The Operator class serves as a base class for operators, and is inherited by both the Observable class and the Operation class. These classes are subclassed to implement quantum operations and measure observables in PennyLane.

  • Each Operator subclass represents a general type of map between physical states. Each instance of these subclasses represents either

    • an application of the operator or

    • an instruction to measure and return the respective result.

    Operators act on a sequence of wires (subsystems) using given parameter values.

  • Each Operation subclass represents a type of quantum operation, for example a unitary quantum gate. Each instance of these subclasses represents an application of the operation with given parameter values to a given sequence of wires (subsystems).

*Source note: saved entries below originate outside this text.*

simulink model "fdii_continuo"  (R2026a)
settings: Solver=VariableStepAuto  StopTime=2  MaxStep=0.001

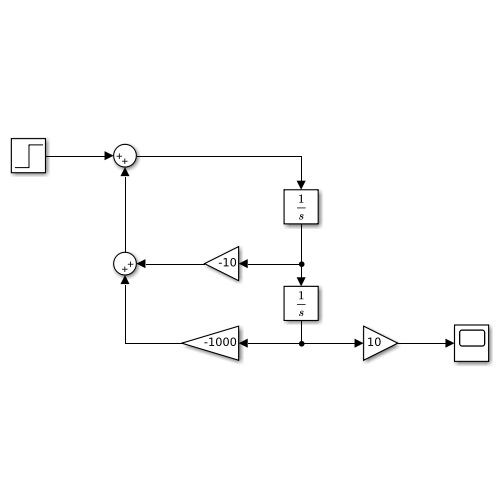
[thumbnail: Simulink's stored preview of the top-level diagram]
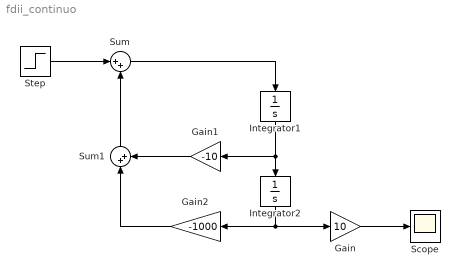
== system fdii_continuo ==
  Gain : Gain  Gain=10
  Gain1 : Gain  Gain=-10
  Gain2 : Gain  Gain=-1000
  Integrator1 : Integrator
  Integrator2 : Integrator
  Scope : Scope
      settings: ActiveDisplayYMinimum=-0.020058487824574926  ActiveDisplayYMaximum=0.18052639042117435
  Step : Step  Time=0  FinalValue=10  SampleTime=0
  Sum : Sum  Inputs=|++
  Sum1 : Sum  Inputs=|++
  wires:
  Step/1 -> Sum/1
  Sum/1 -> Integrator1/1
  Sum1/1 -> Sum/2
  Integrator1/1 -> Gain1/1, Integrator2/1
  Gain2/1 -> Sum1/1
  Gain1/1 -> Sum1/2
  Integrator2/1 -> Gain2/1, Gain/1
  Gain/1 -> Scope/1

  • Each Observable subclass represents a type of physical observable. Each instance of these subclasses represents an instruction to measure and return the respective result for the given parameter values on a sequence of wires (subsystems).


In general, an Operation is differentiable (at least using the finite-difference method) with respect to a parameter iff

  • the domain of that parameter is continuous.

For an Operation to be differentiable with respect to a parameter using the analytic method of differentiation, it must satisfy an additional constraint:

  • the parameter domain must be real.


These conditions are not sufficient for analytic differentiation. For example, CV gates must also define a matrix representing their Heisenberg linear transformation on the quadrature operators.

For gates that are supported via the analytic method, the gradient recipe works as follows:

\[\frac{\partial}{\partial\phi_k}f = \sum_{i} c_i f(a_i \phi_k+s_i).\]

where \(f\) is the expectation value of an observable on a circuit that has been evolved by the operation being considered with parameter \(\phi_k\), there are multiple terms indexed with \(i\) for each parameter \(\phi\) and the \([c_i, a_i, s_i]\) are coefficients specific to the gate.

The following specific case holds for example for qubit operations that are generated by one of the Pauli matrices and results in an overall positive and negative shift:

\[\frac{\partial}{\partial\phi_k}f = \frac{1}{2}\left[f \left( \phi_k+\frac{\pi}{2} \right) - f \left( \phi_k-\frac{\pi}{2} \right)\right],\]

i.e., so that \([c_0, a_0, s_0]=[1/2, 1, \pi/2]\) and \([c_1, a_1, s_1]=[-1/2, 1, -\pi/2]\).

CV Operation base classes

Due to additional requirements, continuous-variable (CV) operations must subclass the CVOperation or CVObservable classes instead of Operation and Observable.


To enable gradient computation using the analytic method for Gaussian CV operations, in addition, you need to provide the static class method _heisenberg_rep() that returns the Heisenberg representation of the operation given its list of parameters, namely:

  • For Gaussian CV Operations this method should return the matrix of the linear transformation carried out by the operation on the vector of quadrature operators \(\mathbf{r}\) for the given parameter values.

  • For Gaussian CV Observables this method should return a real vector (first-order observables) or symmetric matrix (second-order observables) of coefficients of the quadrature operators \(\x\) and \(\p\).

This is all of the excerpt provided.